This article was originally published in The Guardian.
Oklahoma is holding the drug giant with the family-friendly image responsible for its addiction epidemic
Day after day, the memos flashing across screens in an Oklahoma courtroom have jarred with the family-friendly public image of Johnson & Johnson, the pharmaceutical giant best known for baby powder and Band-Aid.
In one missive, a sales representative dismissed a doctor’s fears that patients might become addicted to the company’s opioid painkillers by telling him those who didn’t die probably wouldn’t get hooked. Another proposes targeting sales of the powerfully addictive drugs at those most at risk: men under 40.

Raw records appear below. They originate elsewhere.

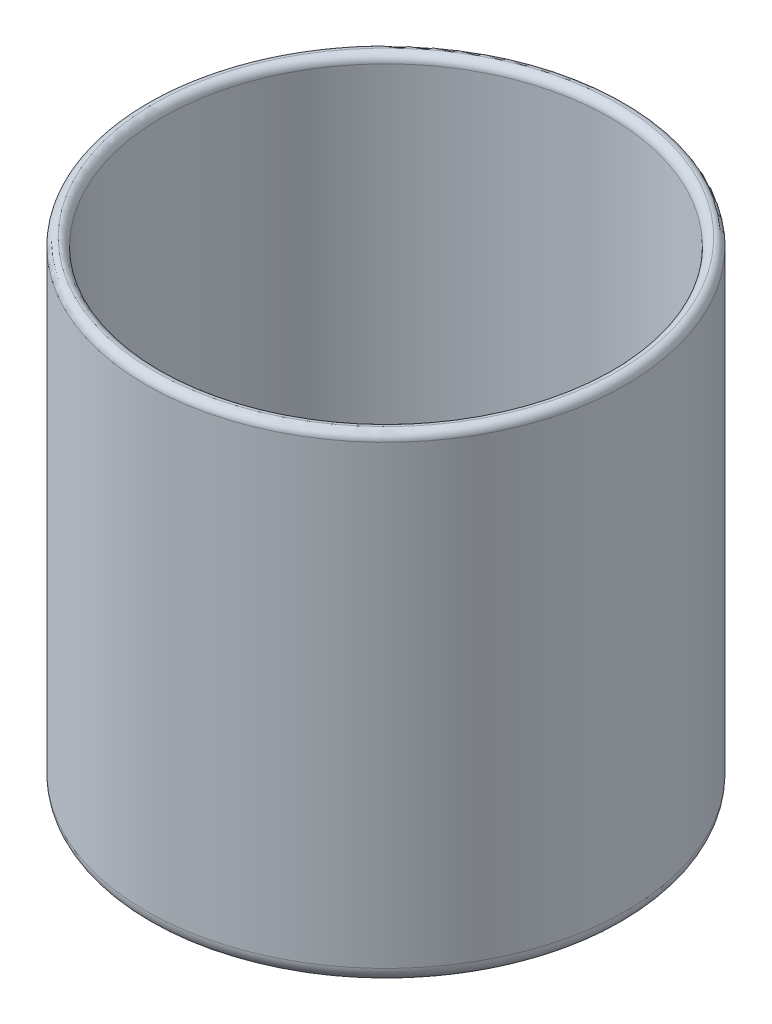
ISO-10303-21;
HEADER;
FILE_DESCRIPTION(('STEP AP214'),'2;1');
FILE_NAME('part.step','',(''),(''),'','','');
FILE_SCHEMA(('AUTOMOTIVE_DESIGN { 1 0 10303 214 1 1 1 1 }'));
ENDSEC;
DATA;
#1=APPLICATION_CONTEXT('core data for automotive mechanical design processes');
#2=APPLICATION_PROTOCOL_DEFINITION('international standard','automotive_design',2000,#1);
#3=PRODUCT_CONTEXT('',#1,'mechanical');
#4=PRODUCT('Part','Part','',(#3));
#5=PRODUCT_RELATED_PRODUCT_CATEGORY('part','',(#4));
#6=PRODUCT_DEFINITION_FORMATION('','',#4);
#7=PRODUCT_DEFINITION_CONTEXT('part definition',#1,'design');
#8=PRODUCT_DEFINITION('design','',#6,#7);
#9=PRODUCT_DEFINITION_SHAPE('','',#8);
#10=(LENGTH_UNIT() NAMED_UNIT(*) SI_UNIT(.MILLI.,.METRE.));
#11=(NAMED_UNIT(*) PLANE_ANGLE_UNIT() SI_UNIT($,.RADIAN.));
#12=(NAMED_UNIT(*) SI_UNIT($,.STERADIAN.) SOLID_ANGLE_UNIT());
#13=UNCERTAINTY_MEASURE_WITH_UNIT(LENGTH_MEASURE(1.E-05),#10,'distance_accuracy_value','');
#14=(GEOMETRIC_REPRESENTATION_CONTEXT(3) GLOBAL_UNCERTAINTY_ASSIGNED_CONTEXT((#13)) GLOBAL_UNIT_ASSIGNED_CONTEXT((#10,
#11,#12)) REPRESENTATION_CONTEXT('',''));
#15=CARTESIAN_POINT('',(0.,0.,0.));
#16=DIRECTION('',(0.,0.,1.));
#17=DIRECTION('',(1.,0.,0.));
#18=AXIS2_PLACEMENT_3D('',#15,#16,#17);
#19=CARTESIAN_POINT('',(0.,60.,0.));
#20=DIRECTION('',(0.,-1.,0.));
#21=DIRECTION('',(0.,0.,-1.));
#22=AXIS2_PLACEMENT_3D('',#19,#20,#21);
#23=CYLINDRICAL_SURFACE('',#22,30.);
#24=CARTESIAN_POINT('',(0.,59.,0.));
#25=DIRECTION('',(0.,1.,0.));
#26=DIRECTION('',(0.,0.,1.));
#27=AXIS2_PLACEMENT_3D('',#24,#25,#26);
#28=CIRCLE('',#27,30.);
#29=CARTESIAN_POINT('',(0.,59.,30.));
#30=VERTEX_POINT('',#29);
#31=EDGE_CURVE('E49',#30,#30,#28,.F.);
#32=ORIENTED_EDGE('',*,*,#31,.T.);
#33=EDGE_LOOP('',(#32));
#34=FACE_BOUND('',#33,.T.);
#35=CARTESIAN_POINT('',(0.,2.,0.));
#36=DIRECTION('',(0.,1.,0.));
#37=DIRECTION('',(0.,0.,1.));
#38=AXIS2_PLACEMENT_3D('',#35,#36,#37);
#39=CIRCLE('',#38,30.);
#40=CARTESIAN_POINT('',(0.,2.,30.));
#41=VERTEX_POINT('',#40);
#42=EDGE_CURVE('E137',#41,#41,#39,.T.);
#43=ORIENTED_EDGE('',*,*,#42,.T.);
#44=EDGE_LOOP('',(#43));
#45=FACE_BOUND('',#44,.T.);
#46=ADVANCED_FACE('F41',(#34,#45),#23,.T.);
#47=CARTESIAN_POINT('',(0.,0.,0.));
#48=DIRECTION('',(0.,1.,0.));
#49=DIRECTION('',(0.,0.,1.));
#50=AXIS2_PLACEMENT_3D('',#47,#48,#49);
#51=PLANE('',#50);
#52=CARTESIAN_POINT('',(0.,0.,10.));
#53=DIRECTION('',(0.,1.,0.));
#54=DIRECTION('',(0.,0.,1.));
#55=AXIS2_PLACEMENT_3D('',#52,#53,#54);
#56=CIRCLE('',#55,2.5);
#57=CARTESIAN_POINT('',(0.,0.,12.5));
#58=VERTEX_POINT('',#57);
#59=EDGE_CURVE('E73',#58,#58,#56,.T.);
#60=ORIENTED_EDGE('',*,*,#59,.T.);
#61=EDGE_LOOP('',(#60));
#62=FACE_BOUND('',#61,.T.);
#63=CARTESIAN_POINT('',(-10.,0.,0.));
#64=DIRECTION('',(0.,1.,0.));
#65=DIRECTION('',(0.,0.,1.));
#66=AXIS2_PLACEMENT_3D('',#63,#64,#65);
#67=CIRCLE('',#66,2.5);
#68=CARTESIAN_POINT('',(-10.,0.,2.5));
#69=VERTEX_POINT('',#68);
#70=EDGE_CURVE('E77',#69,#69,#67,.T.);
#71=ORIENTED_EDGE('',*,*,#70,.T.);
#72=EDGE_LOOP('',(#71));
#73=FACE_BOUND('',#72,.T.);
#74=CARTESIAN_POINT('',(0.,0.,-10.));
#75=DIRECTION('',(0.,1.,0.));
#76=DIRECTION('',(0.,0.,1.));
#77=AXIS2_PLACEMENT_3D('',#74,#75,#76);
#78=CIRCLE('',#77,2.5);
#79=CARTESIAN_POINT('',(0.,0.,-7.5));
#80=VERTEX_POINT('',#79);
#81=EDGE_CURVE('E81',#80,#80,#78,.T.);
#82=ORIENTED_EDGE('',*,*,#81,.T.);
#83=EDGE_LOOP('',(#82));
#84=FACE_BOUND('',#83,.T.);
#85=CARTESIAN_POINT('',(10.,0.,0.));
#86=DIRECTION('',(0.,1.,0.));
#87=DIRECTION('',(0.,0.,1.));
#88=AXIS2_PLACEMENT_3D('',#85,#86,#87);
#89=CIRCLE('',#88,2.5);
#90=CARTESIAN_POINT('',(10.,0.,2.5));
#91=VERTEX_POINT('',#90);
#92=EDGE_CURVE('E85',#91,#91,#89,.T.);
#93=ORIENTED_EDGE('',*,*,#92,.T.);
#94=EDGE_LOOP('',(#93));
#95=FACE_BOUND('',#94,.T.);
#96=CARTESIAN_POINT('',(0.,0.,0.));
#97=DIRECTION('',(0.,1.,0.));
#98=DIRECTION('',(0.,0.,1.));
#99=AXIS2_PLACEMENT_3D('',#96,#97,#98);
#100=CIRCLE('',#99,28.);
#101=CARTESIAN_POINT('',(0.,0.,28.));
#102=VERTEX_POINT('',#101);
#103=EDGE_CURVE('E133',#102,#102,#100,.F.);
#104=ORIENTED_EDGE('',*,*,#103,.T.);
#105=EDGE_LOOP('',(#104));
#106=FACE_BOUND('',#105,.T.);
#107=ADVANCED_FACE('F162',(#62,#73,#84,#95,#106),#51,.F.);
#108=CARTESIAN_POINT('',(0.,5.,0.));
#109=DIRECTION('',(0.,1.,0.));
#110=DIRECTION('',(0.,0.,1.));
#111=AXIS2_PLACEMENT_3D('',#108,#109,#110);
#112=CYLINDRICAL_SURFACE('',#111,28.);
#113=CARTESIAN_POINT('',(0.,59.,0.));
#114=DIRECTION('',(0.,1.,0.));
#115=DIRECTION('',(0.,0.,1.));
#116=AXIS2_PLACEMENT_3D('',#113,#114,#115);
#117=CIRCLE('',#116,28.);
#118=CARTESIAN_POINT('',(0.,59.,28.));
#119=VERTEX_POINT('',#118);
#120=EDGE_CURVE('E10',#119,#119,#117,.T.);
#121=ORIENTED_EDGE('',*,*,#120,.T.);
#122=EDGE_LOOP('',(#121));
#123=FACE_BOUND('',#122,.T.);
#124=CARTESIAN_POINT('',(0.,7.,0.));
#125=DIRECTION('',(0.,1.,0.));
#126=DIRECTION('',(0.,0.,1.));
#127=AXIS2_PLACEMENT_3D('',#124,#125,#126);
#128=CIRCLE('',#127,28.);
#129=CARTESIAN_POINT('',(0.,7.,28.));
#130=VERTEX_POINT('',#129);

As the state of Oklahoma’s multibillion-dollar lawsuit against Johnson & Johnson has unfolded over the past month, the company has struggled to explain marketing strategies its accusers say dangerously misrepresented the risk of opioid addiction to doctors, manipulated medical research, and helped drive an epidemic that has claimed 400,000 lives over the past two decades.
Johnson & Johnson profited further as demand for opioids surged by buying poppy growing companies in Australia to supply the raw narcotic for its own medicines and other American drug makers.
One expert witness at the forefront of combatting the epidemic, Dr Andrew Kolodny, told the court he had little idea about Johnson & Johnson’s role until he saw the evidence in the case.
“I think it’s fair to characterize Johnson & Johnson as a kingpin in our opioid crisis,” he said.